Pamela considered the question, then flicked the indicator to turn off to her apartment.
"She was barely alive," she said. "One side of her had lain in the light and she was burned badly, almost beyond recognition: her entire right side and that side of her face."
That beautiful white face was grotesque: the side that had lain in shadow was white, streaked with bloody tears, but the side that had been exposed was charred black, like her body. Ava's fingers – burned, tattered flesh through which Pamela could see the startling white of her bones – stroked Pamela's face and she'd felt the ash they'd left on her skin.
"She'd survived the day because of the smoke – there were fires all over the city, with so much smoke that it blocked out the sun. But there was enough daylight to burn her badly. She'd seen Birnbaum die and by the time Eric found her, she didn't want to heal. So Eric told me to stake her."
Maggie gulped, her face aghast.
"It was my duty," Pamela said stiffly. "She was my friend. She was the first vampire I staked, but the only one I have ever staked for mercy."
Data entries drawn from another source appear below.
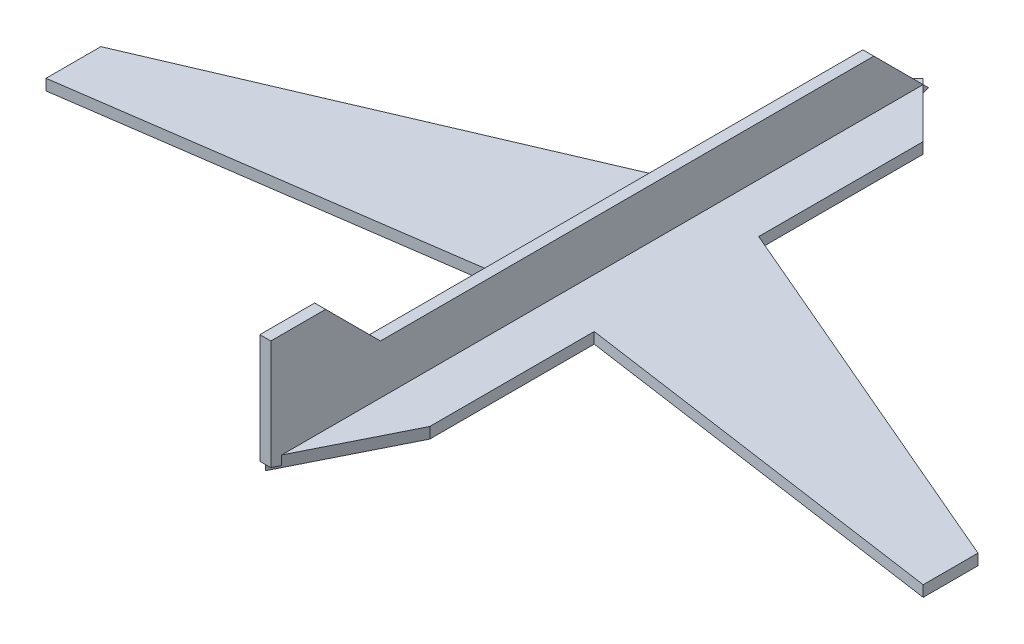
ISO-10303-21;
HEADER;
FILE_DESCRIPTION(('STEP AP214'),'2;1');
FILE_NAME('part.step','',(''),(''),'','','');
FILE_SCHEMA(('AUTOMOTIVE_DESIGN { 1 0 10303 214 1 1 1 1 }'));
ENDSEC;
DATA;
#1=APPLICATION_CONTEXT('core data for automotive mechanical design processes');
#2=APPLICATION_PROTOCOL_DEFINITION('international standard','automotive_design',2000,#1);
#3=PRODUCT_CONTEXT('',#1,'mechanical');
#4=PRODUCT('Part','Part','',(#3));
#5=PRODUCT_RELATED_PRODUCT_CATEGORY('part','',(#4));
#6=PRODUCT_DEFINITION_FORMATION('','',#4);
#7=PRODUCT_DEFINITION_CONTEXT('part definition',#1,'design');
#8=PRODUCT_DEFINITION('design','',#6,#7);
#9=PRODUCT_DEFINITION_SHAPE('','',#8);
#10=(LENGTH_UNIT() NAMED_UNIT(*) SI_UNIT(.MILLI.,.METRE.));
#11=(NAMED_UNIT(*) PLANE_ANGLE_UNIT() SI_UNIT($,.RADIAN.));
#12=(NAMED_UNIT(*) SI_UNIT($,.STERADIAN.) SOLID_ANGLE_UNIT());
#13=UNCERTAINTY_MEASURE_WITH_UNIT(LENGTH_MEASURE(1.E-05),#10,'distance_accuracy_value','');
#14=(GEOMETRIC_REPRESENTATION_CONTEXT(3) GLOBAL_UNCERTAINTY_ASSIGNED_CONTEXT((#13)) GLOBAL_UNIT_ASSIGNED_CONTEXT((#10,
#11,#12)) REPRESENTATION_CONTEXT('',''));
#15=CARTESIAN_POINT('',(0.,0.,0.));
#16=DIRECTION('',(0.,0.,1.));
#17=DIRECTION('',(1.,0.,0.));
#18=AXIS2_PLACEMENT_3D('',#15,#16,#17);
#19=CARTESIAN_POINT('',(-2.5,-0.1,-2.5));
#20=DIRECTION('',(-0.707106781186548,0.,-0.707106781186547));
#21=DIRECTION('',(-0.707106781186547,0.,0.707106781186548));
#22=AXIS2_PLACEMENT_3D('',#19,#20,#21);
#23=PLANE('',#22);
#24=DIRECTION('',(-0.688247201611685,-0.229415733870562,0.688247201611686));
#25=VECTOR('',#24,1.);
#26=CARTESIAN_POINT('',(-2.38421052631579,-0.794736842105264,-2.61578947368421));
#27=LINE('',#26,#25);
#28=CARTESIAN_POINT('',(0.,0.,-5.));
#29=VERTEX_POINT('',#28);
#30=CARTESIAN_POINT('',(-0.0999999999999999,-0.0333333333333336,-4.9));
#31=VERTEX_POINT('',#30);
#32=EDGE_CURVE('E334',#29,#31,#27,.T.);
#33=ORIENTED_EDGE('',*,*,#32,.F.);
#34=DIRECTION('',(0.,1.,0.));
#35=VECTOR('',#34,1.);
#36=CARTESIAN_POINT('',(0.,-0.1,-5.));
#37=LINE('',#36,#35);
#38=CARTESIAN_POINT('',(0.,-0.1,-5.));
#39=VERTEX_POINT('',#38);
#40=EDGE_CURVE('E50',#39,#29,#37,.T.);
#41=ORIENTED_EDGE('',*,*,#40,.F.);
#42=DIRECTION('',(-0.707106781186547,0.,0.707106781186548));
#43=VECTOR('',#42,1.);
#44=CARTESIAN_POINT('',(-2.5,-0.1,-2.5));
#45=LINE('',#44,#43);
#46=CARTESIAN_POINT('',(-0.999999999999999,-0.1,-4.));
#47=VERTEX_POINT('',#46);
#48=EDGE_CURVE('E379',#39,#47,#45,.T.);
#49=ORIENTED_EDGE('',*,*,#48,.T.);
#50=DIRECTION('',(0.,1.,0.));
#51=VECTOR('',#50,1.);
#52=CARTESIAN_POINT('',(-0.999999999999999,-0.1,-4.));
#53=LINE('',#52,#51);
#54=CARTESIAN_POINT('',(-0.999999999999999,0.1,-4.));
#55=VERTEX_POINT('',#54);
#56=EDGE_CURVE('E432',#47,#55,#53,.T.);
#57=ORIENTED_EDGE('',*,*,#56,.T.);
#58=DIRECTION('',(-0.707106781186547,0.,0.707106781186548));
#59=VECTOR('',#58,1.);
#60=CARTESIAN_POINT('',(-2.5,0.1,-2.5));
#61=LINE('',#60,#59);
#62=CARTESIAN_POINT('',(-0.1,0.1,-4.9));
#63=VERTEX_POINT('',#62);
#64=EDGE_CURVE('E343',#63,#55,#61,.T.);
#65=ORIENTED_EDGE('',*,*,#64,.F.);
#66=DIRECTION('',(0.,-1.,0.));
#67=VECTOR('',#66,1.);
#68=CARTESIAN_POINT('',(-0.0999999999999998,-0.1,-4.9));
#69=LINE('',#68,#67);
#70=EDGE_CURVE('E316',#63,#31,#69,.T.);
#71=ORIENTED_EDGE('',*,*,#70,.T.);
#72=EDGE_LOOP('',(#33,#41,#49,#57,#65,#71));
#73=FACE_BOUND('',#72,.T.);
#74=ADVANCED_FACE('F35',(#73),#23,.T.);
#75=CARTESIAN_POINT('',(2.5,-0.1,-2.5));
#76=DIRECTION('',(-0.707106781186548,0.,0.707106781186547));
#77=DIRECTION('',(0.707106781186547,0.,0.707106781186548));
#78=AXIS2_PLACEMENT_3D('',#75,#76,#77);
#79=PLANE('',#78);
#80=ORIENTED_EDGE('',*,*,#40,.T.);
#81=DIRECTION('',(0.688247201611685,-0.229415733870562,0.688247201611686));
#82=VECTOR('',#81,1.);
#83=CARTESIAN_POINT('',(2.38421052631579,-0.794736842105264,-2.61578947368421));
#84=LINE('',#83,#82);
#85=CARTESIAN_POINT('',(0.0999999999999999,-0.0333333333333336,-4.9));
#86=VERTEX_POINT('',#85);
#87=EDGE_CURVE('E230',#29,#86,#84,.T.);
#88=ORIENTED_EDGE('',*,*,#87,.T.);
#89=DIRECTION('',(0.,1.,0.));
#90=VECTOR('',#89,1.);
#91=CARTESIAN_POINT('',(0.0999999999999998,-0.1,-4.9));
#92=LINE('',#91,#90);
#93=CARTESIAN_POINT('',(0.1,0.1,-4.9));
#94=VERTEX_POINT('',#93);
#95=EDGE_CURVE('E240',#86,#94,#92,.T.);
#96=ORIENTED_EDGE('',*,*,#95,.T.);
#97=DIRECTION('',(0.707106781186547,0.,0.707106781186548));
#98=VECTOR('',#97,1.);
#99=CARTESIAN_POINT('',(2.5,0.1,-2.5));
#100=LINE('',#99,#98);
#101=CARTESIAN_POINT('',(1.,0.1,-4.));
#102=VERTEX_POINT('',#101);
#103=EDGE_CURVE('E339',#94,#102,#100,.T.);
#104=ORIENTED_EDGE('',*,*,#103,.T.);
#105=DIRECTION('',(0.,1.,0.));
#106=VECTOR('',#105,1.);
#107=CARTESIAN_POINT('',(1.,-0.1,-4.));
#108=LINE('',#107,#106);
#109=CARTESIAN_POINT('',(1.,-0.1,-4.));
#110=VERTEX_POINT('',#109);
#111=EDGE_CURVE('E405',#110,#102,#108,.T.);
#112=ORIENTED_EDGE('',*,*,#111,.F.);
#113=DIRECTION('',(0.707106781186547,0.,0.707106781186548));
#114=VECTOR('',#113,1.);
#115=CARTESIAN_POINT('',(2.5,-0.1,-2.5));
#116=LINE('',#115,#114);
#117=EDGE_CURVE('E376',#39,#110,#116,.T.);
#118=ORIENTED_EDGE('',*,*,#117,.F.);
#119=EDGE_LOOP('',(#80,#88,#96,#104,#112,#118));
#120=FACE_BOUND('',#119,.T.);
#121=ADVANCED_FACE('F488',(#120),#79,.F.);
#122=CARTESIAN_POINT('',(0.,-0.1,0.));
#123=DIRECTION('',(0.,1.,0.));
#124=DIRECTION('',(0.,0.,1.));
#125=AXIS2_PLACEMENT_3D('',#122,#123,#124);
#126=PLANE('',#125);
#127=DIRECTION('',(0.,0.,1.));
#128=VECTOR('',#127,1.);
#129=CARTESIAN_POINT('',(1.,-0.1,0.));
#130=LINE('',#129,#128);
#131=CARTESIAN_POINT('',(1.,-0.1,-1.));
#132=VERTEX_POINT('',#131);
#133=EDGE_CURVE('E373',#110,#132,#130,.T.);
#134=ORIENTED_EDGE('',*,*,#133,.T.);
#135=DIRECTION('',(0.919145030018058,0.,0.393919298579168));
#136=VECTOR('',#135,1.);
#137=CARTESIAN_POINT('',(0.517241379310345,-0.1,-1.20689655172414));
#138=LINE('',#137,#136);
#139=CARTESIAN_POINT('',(8.,-0.1,2.));
#140=VERTEX_POINT('',#139);
#141=EDGE_CURVE('E403',#132,#140,#138,.T.);
#142=ORIENTED_EDGE('',*,*,#141,.T.);
#143=DIRECTION('',(0.,0.,1.));
#144=VECTOR('',#143,1.);
#145=CARTESIAN_POINT('',(8.,-0.1,0.));
#146=LINE('',#145,#144);
#147=CARTESIAN_POINT('',(8.,-0.1,3.));
#148=VERTEX_POINT('',#147);
#149=EDGE_CURVE('E401',#140,#148,#146,.T.);
#150=ORIENTED_EDGE('',*,*,#149,.T.);
#151=DIRECTION('',(-0.989949493661167,0.,-0.14142135623731));
#152=VECTOR('',#151,1.);
#153=CARTESIAN_POINT('',(-0.26,-0.1,1.82));
#154=LINE('',#153,#152);
#155=CARTESIAN_POINT('',(1.,-0.1,2.));
#156=VERTEX_POINT('',#155);
#157=EDGE_CURVE('E399',#148,#156,#154,.T.);
#158=ORIENTED_EDGE('',*,*,#157,.T.);
#159=CARTESIAN_POINT('',(1.,-0.1,5.));
#160=VERTEX_POINT('',#159);
#161=EDGE_CURVE('E377',#156,#160,#130,.T.);
#162=ORIENTED_EDGE('',*,*,#161,.T.);
#163=DIRECTION('',(0.447213595499958,0.,-0.894427190999916));
#164=VECTOR('',#163,1.);
#165=CARTESIAN_POINT('',(2.8,-0.1,1.4));
#166=LINE('',#165,#164);
#167=CARTESIAN_POINT('',(0.,-0.1,7.));
#168=VERTEX_POINT('',#167);
#169=EDGE_CURVE('E396',#168,#160,#166,.T.);
#170=ORIENTED_EDGE('',*,*,#169,.F.);
#171=DIRECTION('',(-0.447213595499958,0.,-0.894427190999916));
#172=VECTOR('',#171,1.);
#173=CARTESIAN_POINT('',(-2.8,-0.1,1.4));
#174=LINE('',#173,#172);
#175=CARTESIAN_POINT('',(-1.,-0.1,5.));
#176=VERTEX_POINT('',#175);
#177=EDGE_CURVE('E394',#168,#176,#174,.T.);
#178=ORIENTED_EDGE('',*,*,#177,.T.);
#179=DIRECTION('',(0.,0.,-1.));
#180=VECTOR('',#179,1.);
#181=CARTESIAN_POINT('',(-1.,-0.1,0.));
#182=LINE('',#181,#180);
#183=CARTESIAN_POINT('',(-1.,-0.1,2.));
#184=VERTEX_POINT('',#183);
#185=EDGE_CURVE('E385',#176,#184,#182,.T.);
#186=ORIENTED_EDGE('',*,*,#185,.T.);
#187=DIRECTION('',(0.989949493661167,0.,-0.14142135623731));
#188=VECTOR('',#187,1.);
#189=CARTESIAN_POINT('',(0.26,-0.1,1.82));
#190=LINE('',#189,#188);
#191=CARTESIAN_POINT('',(-8.,-0.1,3.));
#192=VERTEX_POINT('',#191);
#193=EDGE_CURVE('E391',#192,#184,#190,.T.);
#194=ORIENTED_EDGE('',*,*,#193,.F.);
#195=DIRECTION('',(0.,0.,1.));
#196=VECTOR('',#195,1.);
#197=CARTESIAN_POINT('',(-8.,-0.1,0.));
#198=LINE('',#197,#196);
#199=CARTESIAN_POINT('',(-8.,-0.1,2.));
#200=VERTEX_POINT('',#199);
#201=EDGE_CURVE('E388',#200,#192,#198,.T.);
#202=ORIENTED_EDGE('',*,*,#201,.F.);
#203=DIRECTION('',(-0.919145030018058,0.,0.393919298579168));
#204=VECTOR('',#203,1.);
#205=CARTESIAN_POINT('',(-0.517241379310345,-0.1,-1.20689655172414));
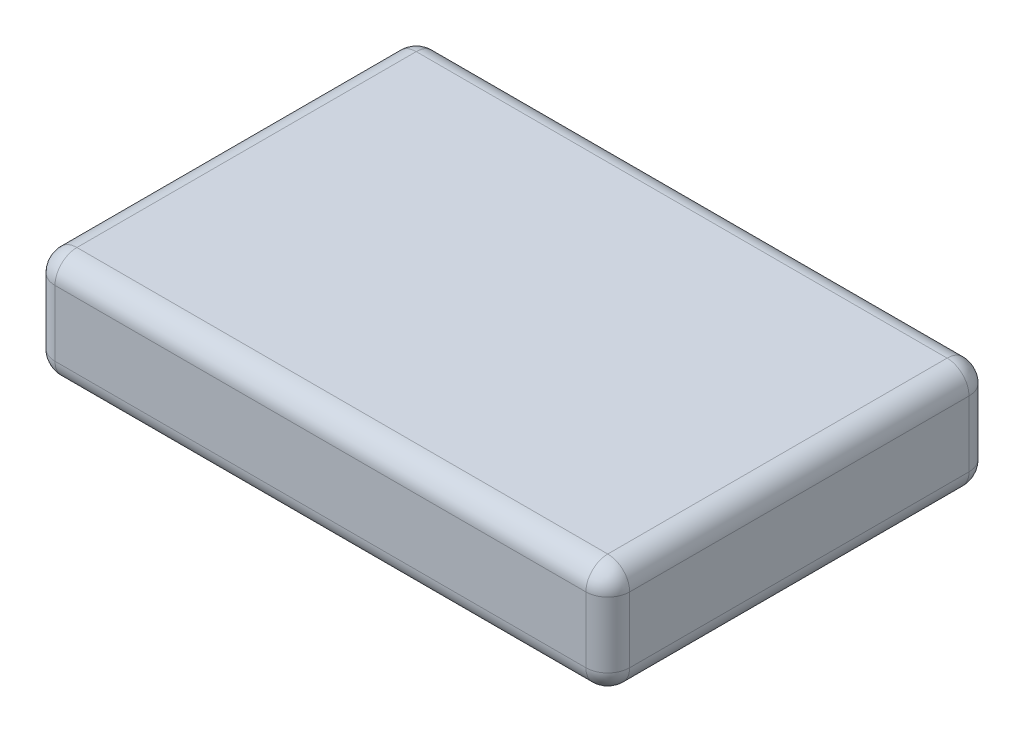
ISO-10303-21;
HEADER;
FILE_DESCRIPTION(('STEP AP214'),'2;1');
FILE_NAME('part.step','',(''),(''),'','','');
FILE_SCHEMA(('AUTOMOTIVE_DESIGN { 1 0 10303 214 1 1 1 1 }'));
ENDSEC;
DATA;
#1=APPLICATION_CONTEXT('core data for automotive mechanical design processes');
#2=APPLICATION_PROTOCOL_DEFINITION('international standard','automotive_design',2000,#1);
#3=PRODUCT_CONTEXT('',#1,'mechanical');
#4=PRODUCT('Part','Part','',(#3));
#5=PRODUCT_RELATED_PRODUCT_CATEGORY('part','',(#4));
#6=PRODUCT_DEFINITION_FORMATION('','',#4);
#7=PRODUCT_DEFINITION_CONTEXT('part definition',#1,'design');
#8=PRODUCT_DEFINITION('design','',#6,#7);
#9=PRODUCT_DEFINITION_SHAPE('','',#8);
#10=(LENGTH_UNIT() NAMED_UNIT(*) SI_UNIT(.MILLI.,.METRE.));
#11=(NAMED_UNIT(*) PLANE_ANGLE_UNIT() SI_UNIT($,.RADIAN.));
#12=(NAMED_UNIT(*) SI_UNIT($,.STERADIAN.) SOLID_ANGLE_UNIT());
#13=UNCERTAINTY_MEASURE_WITH_UNIT(LENGTH_MEASURE(1.E-05),#10,'distance_accuracy_value','');
#14=(GEOMETRIC_REPRESENTATION_CONTEXT(3) GLOBAL_UNCERTAINTY_ASSIGNED_CONTEXT((#13)) GLOBAL_UNIT_ASSIGNED_CONTEXT((#10,
#11,#12)) REPRESENTATION_CONTEXT('',''));
#15=CARTESIAN_POINT('',(0.,0.,0.));
#16=DIRECTION('',(0.,0.,1.));
#17=DIRECTION('',(1.,0.,0.));
#18=AXIS2_PLACEMENT_3D('',#15,#16,#17);
#19=CARTESIAN_POINT('',(48.5,28.,46.));
#20=DIRECTION('',(0.,-1.,0.));
#21=DIRECTION('',(1.,0.,0.));
#22=AXIS2_PLACEMENT_3D('',#19,#20,#21);
#23=SPHERICAL_SURFACE('',#22,4.);
#24=CARTESIAN_POINT('',(48.5,28.,46.));
#25=DIRECTION('',(0.,0.,-1.));
#26=DIRECTION('',(1.,0.,0.));
#27=AXIS2_PLACEMENT_3D('',#24,#25,#26);
#28=CIRCLE('',#27,4.);
#29=CARTESIAN_POINT('',(48.5,32.,46.));
#30=VERTEX_POINT('',#29);
#31=CARTESIAN_POINT('',(52.5,28.,46.));
#32=VERTEX_POINT('',#31);
#33=EDGE_CURVE('E10',#30,#32,#28,.T.);
#34=ORIENTED_EDGE('',*,*,#33,.F.);
#35=CARTESIAN_POINT('',(48.5,28.,46.));
#36=DIRECTION('',(1.,0.,0.));
#37=DIRECTION('',(0.,0.,1.));
#38=AXIS2_PLACEMENT_3D('',#35,#36,#37);
#39=CIRCLE('',#38,4.);
#40=CARTESIAN_POINT('',(48.5,28.,50.));
#41=VERTEX_POINT('',#40);
#42=EDGE_CURVE('E228',#30,#41,#39,.T.);
#43=ORIENTED_EDGE('',*,*,#42,.T.);
#44=CARTESIAN_POINT('',(48.5,28.,46.));
#45=DIRECTION('',(0.,-1.,0.));
#46=DIRECTION('',(1.,0.,0.));
#47=AXIS2_PLACEMENT_3D('',#44,#45,#46);
#48=CIRCLE('',#47,4.);
#49=EDGE_CURVE('E189',#32,#41,#48,.T.);
#50=ORIENTED_EDGE('',*,*,#49,.F.);
#51=EDGE_LOOP('',(#34,#43,#50));
#52=FACE_BOUND('',#51,.T.);
#53=ADVANCED_FACE('F16',(#52),#23,.T.);
#54=CARTESIAN_POINT('',(48.5,28.,-16.));
#55=DIRECTION('',(0.,0.,1.));
#56=DIRECTION('',(1.,0.,0.));
#57=AXIS2_PLACEMENT_3D('',#54,#55,#56);
#58=SPHERICAL_SURFACE('',#57,4.);
#59=CARTESIAN_POINT('',(48.5,28.,-16.));
#60=DIRECTION('',(0.,-1.,0.));
#61=DIRECTION('',(1.,0.,0.));
#62=AXIS2_PLACEMENT_3D('',#59,#60,#61);
#63=CIRCLE('',#62,4.);
#64=CARTESIAN_POINT('',(48.5,28.,-20.));
#65=VERTEX_POINT('',#64);
#66=CARTESIAN_POINT('',(52.5,28.,-16.));
#67=VERTEX_POINT('',#66);
#68=EDGE_CURVE('E186',#65,#67,#63,.T.);
#69=ORIENTED_EDGE('',*,*,#68,.F.);
#70=CARTESIAN_POINT('',(48.5,28.,-16.));
#71=DIRECTION('',(1.,0.,0.));
#72=DIRECTION('',(0.,1.,0.));
#73=AXIS2_PLACEMENT_3D('',#70,#71,#72);
#74=CIRCLE('',#73,4.);
#75=CARTESIAN_POINT('',(48.5,32.,-16.));
#76=VERTEX_POINT('',#75);
#77=EDGE_CURVE('E280',#65,#76,#74,.T.);
#78=ORIENTED_EDGE('',*,*,#77,.T.);
#79=CARTESIAN_POINT('',(48.5,28.,-16.));
#80=DIRECTION('',(0.,0.,1.));
#81=DIRECTION('',(1.,0.,0.));
#82=AXIS2_PLACEMENT_3D('',#79,#80,#81);
#83=CIRCLE('',#82,4.);
#84=EDGE_CURVE('E25',#67,#76,#83,.T.);
#85=ORIENTED_EDGE('',*,*,#84,.F.);
#86=EDGE_LOOP('',(#69,#78,#85));
#87=FACE_BOUND('',#86,.T.);
#88=ADVANCED_FACE('F330',(#87),#58,.T.);
#89=CARTESIAN_POINT('',(52.5,12.,-20.));
#90=DIRECTION('',(1.,0.,0.));
#91=DIRECTION('',(0.,1.,0.));
#92=AXIS2_PLACEMENT_3D('',#89,#90,#91);
#93=PLANE('',#92);
#94=DIRECTION('',(0.,0.,1.));
#95=VECTOR('',#94,1.);
#96=CARTESIAN_POINT('',(52.5,16.,-20.));
#97=LINE('',#96,#95);
#98=CARTESIAN_POINT('',(52.5,16.,-16.));
#99=VERTEX_POINT('',#98);
#100=CARTESIAN_POINT('',(52.5,16.,46.));
#101=VERTEX_POINT('',#100);
#102=EDGE_CURVE('E206',#99,#101,#97,.T.);
#103=ORIENTED_EDGE('',*,*,#102,.F.);
#104=DIRECTION('',(0.,1.,0.));
#105=VECTOR('',#104,1.);
#106=CARTESIAN_POINT('',(52.5,12.,-16.));
#107=LINE('',#106,#105);
#108=EDGE_CURVE('E232',#99,#67,#107,.T.);
#109=ORIENTED_EDGE('',*,*,#108,.T.);
#110=DIRECTION('',(0.,0.,1.));
#111=VECTOR('',#110,1.);
#112=CARTESIAN_POINT('',(52.5,28.,-20.));
#113=LINE('',#112,#111);
#114=EDGE_CURVE('E241',#67,#32,#113,.T.);
#115=ORIENTED_EDGE('',*,*,#114,.T.);
#116=DIRECTION('',(0.,1.,0.));
#117=VECTOR('',#116,1.);
#118=CARTESIAN_POINT('',(52.5,12.,46.));
#119=LINE('',#118,#117);
#120=EDGE_CURVE('E192',#101,#32,#119,.T.);
#121=ORIENTED_EDGE('',*,*,#120,.F.);
#122=EDGE_LOOP('',(#103,#109,#115,#121));
#123=FACE_BOUND('',#122,.T.);
#124=ADVANCED_FACE('F361',(#123),#93,.T.);
#125=CARTESIAN_POINT('',(48.5,16.,46.));
#126=DIRECTION('',(0.,0.,-1.));
#127=DIRECTION('',(1.,0.,0.));
#128=AXIS2_PLACEMENT_3D('',#125,#126,#127);
#129=SPHERICAL_SURFACE('',#128,4.);
#130=CARTESIAN_POINT('',(48.5,16.,46.));
#131=DIRECTION('',(0.,1.,0.));
#132=DIRECTION('',(1.,0.,0.));
#133=AXIS2_PLACEMENT_3D('',#130,#131,#132);
#134=CIRCLE('',#133,4.);
#135=CARTESIAN_POINT('',(48.5,16.,50.));
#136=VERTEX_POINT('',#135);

There was silence in the car. Pamela pressed a button to lower the window and swiped her key-card at the scanner. The door to the apartment complex's underground car-park rose smoothly and she drove in. She swung neatly into her parking space and turned off the ignition.
"That night we walked away, Eric and I. We literally walked away from that house, walked out of the city with nothing but the clothes on our backs. We passed by mangled bodies with little children crying next to them still in their nightclothes. We picked our way over the debris of buildings that was blocking roads. We skirted raging fires, we crossed deep gashes in the earth that had been bridged by planks or doors from ruined houses. I was hungry, my legs hadn't fully healed and I needed blood but Eric would not let me feed – and God knows we passed enough pitiful, bleeding humans as we walked away. But he said that they had suffered enough without us preying on them like vultures on the dead."
Maggie was looking at her, her blue eyes serious. The neon lights of the car park made her pale skin almost as white as Pamela's own.
"At dawn we went to ground in the cellar of a barn on a farm outside the city and fed from the farmer who found us the following night. We walked till we reached a town called Antioch and from there we organised our journey to the East Coast. We were in New York till Eric left for Germany in the 1930s."
She opened the car door and got out. Maggie followed her, grabbing her bag off the back seat.
"I understand, Pam," she said as she caught up. "I know what he means to you, I really do."
"He's my maker," she said shortly.
"You think he's your saviour," Maggie returned.
Pamela tsk-tsked as she opened the door to the stairwell.
"Honestly, Maggie," she said with a lightness she did not feel. "Don't be so dramatic."